Dataset items:

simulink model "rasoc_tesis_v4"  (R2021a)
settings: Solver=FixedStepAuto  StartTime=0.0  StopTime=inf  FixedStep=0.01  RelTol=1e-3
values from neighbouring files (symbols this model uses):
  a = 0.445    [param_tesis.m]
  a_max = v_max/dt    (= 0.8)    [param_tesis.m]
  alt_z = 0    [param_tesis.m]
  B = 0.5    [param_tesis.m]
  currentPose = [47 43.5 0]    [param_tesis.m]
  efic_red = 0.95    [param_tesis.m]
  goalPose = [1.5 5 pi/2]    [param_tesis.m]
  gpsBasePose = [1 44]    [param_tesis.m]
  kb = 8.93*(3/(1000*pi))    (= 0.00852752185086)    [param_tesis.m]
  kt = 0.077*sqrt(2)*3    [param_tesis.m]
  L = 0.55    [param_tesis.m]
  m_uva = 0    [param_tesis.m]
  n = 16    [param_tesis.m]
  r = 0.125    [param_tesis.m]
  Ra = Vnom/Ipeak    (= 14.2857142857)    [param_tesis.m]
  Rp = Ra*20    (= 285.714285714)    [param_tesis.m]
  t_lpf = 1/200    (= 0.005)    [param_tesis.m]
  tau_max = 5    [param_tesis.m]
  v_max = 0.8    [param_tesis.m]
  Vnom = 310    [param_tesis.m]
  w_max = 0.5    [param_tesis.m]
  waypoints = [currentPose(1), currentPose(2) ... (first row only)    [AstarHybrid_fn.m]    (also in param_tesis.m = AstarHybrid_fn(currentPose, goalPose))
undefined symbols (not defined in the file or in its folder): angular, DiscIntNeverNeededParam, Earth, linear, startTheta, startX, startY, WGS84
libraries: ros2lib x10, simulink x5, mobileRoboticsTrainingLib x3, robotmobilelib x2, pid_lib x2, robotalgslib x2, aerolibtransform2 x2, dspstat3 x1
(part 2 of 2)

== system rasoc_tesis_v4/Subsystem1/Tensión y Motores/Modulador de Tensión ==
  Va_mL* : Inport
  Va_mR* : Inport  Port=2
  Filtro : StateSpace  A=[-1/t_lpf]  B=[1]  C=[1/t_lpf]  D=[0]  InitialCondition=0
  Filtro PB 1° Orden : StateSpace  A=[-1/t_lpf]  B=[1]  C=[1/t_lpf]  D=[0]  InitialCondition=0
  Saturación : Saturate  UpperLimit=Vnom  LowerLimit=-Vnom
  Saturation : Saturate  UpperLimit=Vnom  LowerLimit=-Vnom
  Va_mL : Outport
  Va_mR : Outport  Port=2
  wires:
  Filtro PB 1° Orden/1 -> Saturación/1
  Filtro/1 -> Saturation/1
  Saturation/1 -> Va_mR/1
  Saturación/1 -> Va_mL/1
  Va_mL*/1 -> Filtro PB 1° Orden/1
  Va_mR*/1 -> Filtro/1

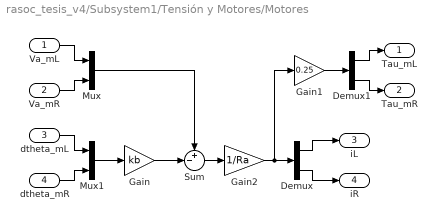
== system rasoc_tesis_v4/Subsystem1/Tensión y Motores/Motores ==
  Va_mL : Inport
  Va_mR : Inport  Port=2
  dtheta_mL : Inport  Port=3
  dtheta_mR : Inport  Port=4
  Demux : Demux  Outputs=2
  Demux1 : Demux  Outputs=2
  Gain : Gain  Gain=kb
  Gain1 : Gain  Gain=0.25
  Gain2 : Gain  Gain=1/Ra
  Mux : Mux  Inputs=2
  Mux1 : Mux  Inputs=2
  Sum : Sum  Inputs=+-|
  Tau_mL : Outport
  Tau_mR : Outport  Port=2
  iL : Outport  Port=3
  iR : Outport  Port=4
  wires:
  Demux/2 -> iR/1
  Va_mL/1 -> Mux/1
  Demux/1 -> iL/1
  dtheta_mR/1 -> Mux1/2
  dtheta_mL/1 -> Mux1/1
  Demux1/2 -> Tau_mR/1
  Demux1/1 -> Tau_mL/1
  Va_mR/1 -> Mux/2
  Mux1/1 -> Gain/1
  Gain1/1 -> Demux1/1
  Gain/1 -> Sum/2
  Mux/1 -> Sum/1
  Sum/1 -> Gain2/1
  Gain2/1 -> Gain1/1, Demux/1

== system rasoc_tesis_v4/Subsystem1/Torque y Corriente/Desacople ==
  Va_mL*' : Inport
  Va_mR*' : Inport  Port=2
  dtheta_mL^ : Inport  Port=3
  dtheta_mR^ : Inport  Port=4
  Demux : Demux  Outputs=2
  Gain1 : Gain  Gain=kb
  Mux : Mux  Inputs=2
  Mux1 : Mux  Inputs=2
  Sum : Sum  Inputs=|++
  Va_mL* : Outport
  Va_mR* : Outport  Port=2
  wires:
  dtheta_mL^/1 -> Mux1/1
  Mux1/1 -> Gain1/1
  Va_mR*'/1 -> Mux/2
  Demux/1 -> Va_mL*/1
  Gain1/1 -> Sum/2
  Mux/1 -> Sum/1
  Sum/1 -> Demux/1
  Va_mL*'/1 -> Mux/1
  Demux/2 -> Va_mR*/1
  dtheta_mR^/1 -> Mux1/2

== system rasoc_tesis_v4/Subsystem1/Torque y Corriente/Modulador de Corriente ==
  "iL* " : Inport
  iR* : Inport  Port=2
  iL^ : Inport  Port=3
  iR^ : Inport  Port=4
  Control Proporcional : Gain  Gain=Rp
  Demux : Demux  Outputs=2
  Mux : Mux  Inputs=2
  Sum : Sum  Inputs=-+|
  Sum1 : Sum  Inputs=|+-
  Va_mL*' : Outport
  Va_mR*' : Outport  Port=2
  wires:
  iL^/1 -> Sum/1
  "iL* "/1 -> Sum/2
  iR*/1 -> Sum1/1
  iR^/1 -> Sum1/2
  Mux/1 -> Control Proporcional/1
  Control Proporcional/1 -> Demux/1
  Sum/1 -> Mux/1
  Sum1/1 -> Mux/2
  Demux/1 -> Va_mL*'/1
  Demux/2 -> Va_mR*'/1

== system rasoc_tesis_v4/Subsystem1/Torque y Corriente/Modulador de Torque ==
  Tau_mL* : Inport
  Tau_mR* : Inport  Port=2
  Demux : Demux  Outputs=2
  Gain : Gain  Gain=1/kt
  Mux : Mux  Inputs=2
  Saturation : Saturate  UpperLimit=tau_max  LowerLimit=-tau_max
  iL* : Outport
  iR* : Outport  Port=2
  wires:
  Tau_mL*/1 -> Mux/1
  Demux/2 -> iR*/1
  Demux/1 -> iL*/1
  Gain/1 -> Demux/1
  Tau_mR*/1 -> Mux/2
  Mux/1 -> Saturation/1
  Saturation/1 -> Gain/1

== system rasoc_tesis_v4/Subsystem4/Local Navigation/Path Following ==
  SteeringDirection : Inport
  AngularVelocity : Inport  Port=2
  Action Port : ActionPort  ActionPortLabel=else
  Compute Angular Velocity : MATLAB Function  TreatAsAtomicUnit=on
  Constant : Constant  Value=0
  MaxAngularVelocity : Constant  Value=w_max
  Subtract : Sum  Inputs=+-
  dV : Outport  VectorParamsAs1DForOutWhenUnconnected=off
  dW : Outport  Port=2  VectorParamsAs1DForOutWhenUnconnected=off
  wires:
  Constant/1 -> dV/1
  MaxAngularVelocity/1 -> Compute Angular Velocity/2(wMax)
  SteeringDirection/1 -> Compute Angular Velocity/1(steeringDir)
  Subtract/1 -> dW/1
  Compute Angular Velocity/1(w) -> Subtract/1
  AngularVelocity/1 -> Subtract/2

== system rasoc_tesis_v4/Subsystem4/Local Navigation/Recovery ==
  LinVel : Inport
  AngVel : Inport  Port=2
  Action Port : ActionPort  ActionPortLabel=if(u1 == 1)
  Constant1 : Constant  Value=0.2
  Gain : Gain  Gain=-1
  Subtract : Sum  Inputs=+-
  dV : Outport  VectorParamsAs1DForOutWhenUnconnected=off
  dW : Outport  Port=2  VectorParamsAs1DForOutWhenUnconnected=off
  wires:
  LinVel/1 -> Gain/1
  Gain/1 -> dV/1
  Constant1/1 -> Subtract/1
  AngVel/1 -> Subtract/2
  Subtract/1 -> dW/1

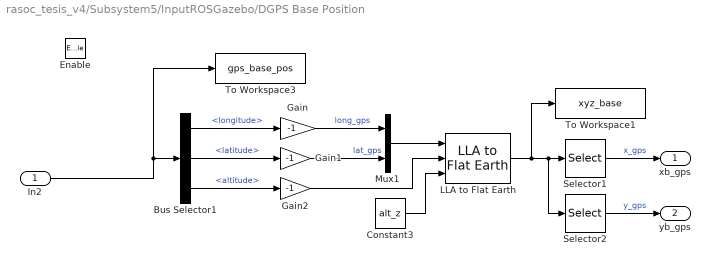
== system rasoc_tesis_v4/Subsystem5/InputROSGazebo/DGPS Base Position ==
  In2 : Inport
  Enable : EnablePort
  Bus Selector1 : BusSelector  OutputSignals=longitude,latitude,altitude
  Constant3 : Constant  Value=alt_z
  Gain : Gain  Gain=-1
  Gain1 : Gain  Gain=-1
  Gain2 : Gain  Gain=-1
  LLA to Flat Earth : aerolibtransform2/LLA to Flat Earth  units=Metric (MKS)  ptype=Earth (WGS84)  F=1/298.257223563  R=6378137  refPosPort=off  LL0=[0 0]  psi=0
      settings: SourceProductBaseCode=AE
  Mux1 : Mux  Inputs=2
  Selector1 : Selector  InputPortWidth=3  IndexOptions=Index vector (dialog)  Indices=[1]  OutputSizes=1
  Selector2 : Selector  InputPortWidth=3  IndexOptions=Index vector (dialog)  Indices=[2]  OutputSizes=1
  To Workspace1 : ToWorkspace  VariableName=xyz_base  SampleTime=-1
  To Workspace3 : ToWorkspace  VariableName=gps_base_pos  SaveFormat=Timeseries  SampleTime=-1
  xb_gps : Outport
  yb_gps : Outport  Port=2
  wires:
  In2/1 -> Bus Selector1/1, To Workspace3/1
  Bus Selector1/2 -> Gain1/1  "<latitude>"
  Bus Selector1/1 -> Gain/1  "<longitude>"
  Gain2/1 -> LLA to Flat Earth/2
  Mux1/1 -> LLA to Flat Earth/1
  LLA to Flat Earth/1 -> Selector2/1, Selector1/1, To Workspace1/1
  Gain/1 -> Mux1/1  "long_gps"
  Gain1/1 -> Mux1/2  "lat_gps"
  Constant3/1 -> LLA to Flat Earth/3
  Bus Selector1/3 -> Gain2/1  "<altitude>"
  Selector1/1 -> xb_gps/1  "x_gps"
  Selector2/1 -> yb_gps/1  "y_gps"

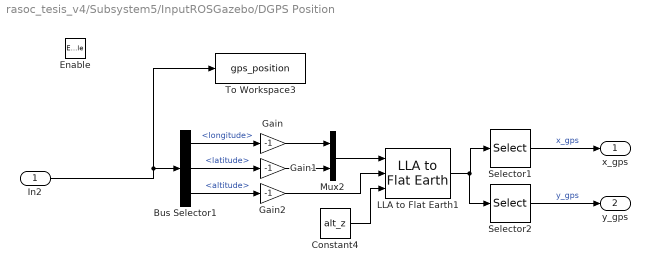
== system rasoc_tesis_v4/Subsystem5/InputROSGazebo/DGPS Position ==
  In2 : Inport
  Enable : EnablePort
  Bus Selector1 : BusSelector  OutputSignals=longitude,latitude,altitude
  Constant4 : Constant  Value=alt_z
  Gain : Gain  Gain=-1
  Gain1 : Gain  Gain=-1
  Gain2 : Gain  Gain=-1
  LLA to Flat Earth1 : aerolibtransform2/LLA to Flat Earth  units=Metric (MKS)  ptype=Earth (WGS84)  F=1/298.257223563  R=6378137  refPosPort=off  LL0=[0 0]  psi=0
      settings: SourceProductBaseCode=AE
  Mux2 : Mux  Inputs=2
  Selector1 : Selector  InputPortWidth=3  IndexOptions=Index vector (dialog)  Indices=[1]  OutputSizes=1
  Selector2 : Selector  InputPortWidth=3  IndexOptions=Index vector (dialog)  Indices=[2]  OutputSizes=1
  To Workspace3 : ToWorkspace  VariableName=gps_position  SaveFormat=Timeseries  SampleTime=-1
  x_gps : Outport
  y_gps : Outport  Port=2
  wires:
  Bus Selector1/1 -> Gain/1  "<longitude>"
  Bus Selector1/2 -> Gain1/1  "<latitude>"
  In2/1 -> To Workspace3/1, Bus Selector1/1
  Bus Selector1/3 -> Gain2/1  "<altitude>"
  Constant4/1 -> LLA to Flat Earth1/3
  Mux2/1 -> LLA to Flat Earth1/1
  Gain2/1 -> LLA to Flat Earth1/2
  Gain1/1 -> Mux2/2
  Gain/1 -> Mux2/1
  LLA to Flat Earth1/1 -> Selector2/1, Selector1/1
  Selector1/1 -> x_gps/1  "x_gps"
  Selector2/1 -> y_gps/1  "y_gps"

== system rasoc_tesis_v4/Subsystem5/InputROSGazebo/DGPS Vel ==
  In1 : Inport
  Enable : EnablePort
  Bus Selector3 : BusSelector  OutputSignals=vector.x,vector.y
  Gain : Gain  Gain=-1
  Gain1 : Gain  Gain=-1
  To Workspace6 : ToWorkspace  VariableName=gps_velocity  SaveFormat=Timeseries  SampleTime=-1
  dx_gps : Outport
  dy_gps : Outport  Port=2
  wires:
  Bus Selector3/1 -> Gain/1  "<x>"
  In1/1 -> To Workspace6/1, Bus Selector3/1
  Bus Selector3/2 -> Gain1/1  "<y>"
  Gain/1 -> dx_gps/1
  Gain1/1 -> dy_gps/1

== system rasoc_tesis_v4/Subsystem5/InputROSGazebo/GPS2ROS ==
  x_gps : Inport
  y_gps : Inport  Port=2
  v_gps : Inport  Port=3
  w_gps : Inport  Port=4
  Action Port : ActionPort  ActionPortLabel=if(u1 == 1)
  x_ros : Outport  VectorParamsAs1DForOutWhenUnconnected=off
  y_ros : Outport  Port=2  VectorParamsAs1DForOutWhenUnconnected=off
  v_ros : Outport  Port=3  VectorParamsAs1DForOutWhenUnconnected=off
  w_ros : Outport  Port=4  VectorParamsAs1DForOutWhenUnconnected=off
  wires:
  x_gps/1 -> x_ros/1
  y_gps/1 -> y_ros/1
  w_gps/1 -> w_ros/1
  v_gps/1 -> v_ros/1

— TASK TO CARRY OUT —
Each line of the data above that contains the string "Motores" should be counted; give only the total.

— EXERCISE RESPONSE —
2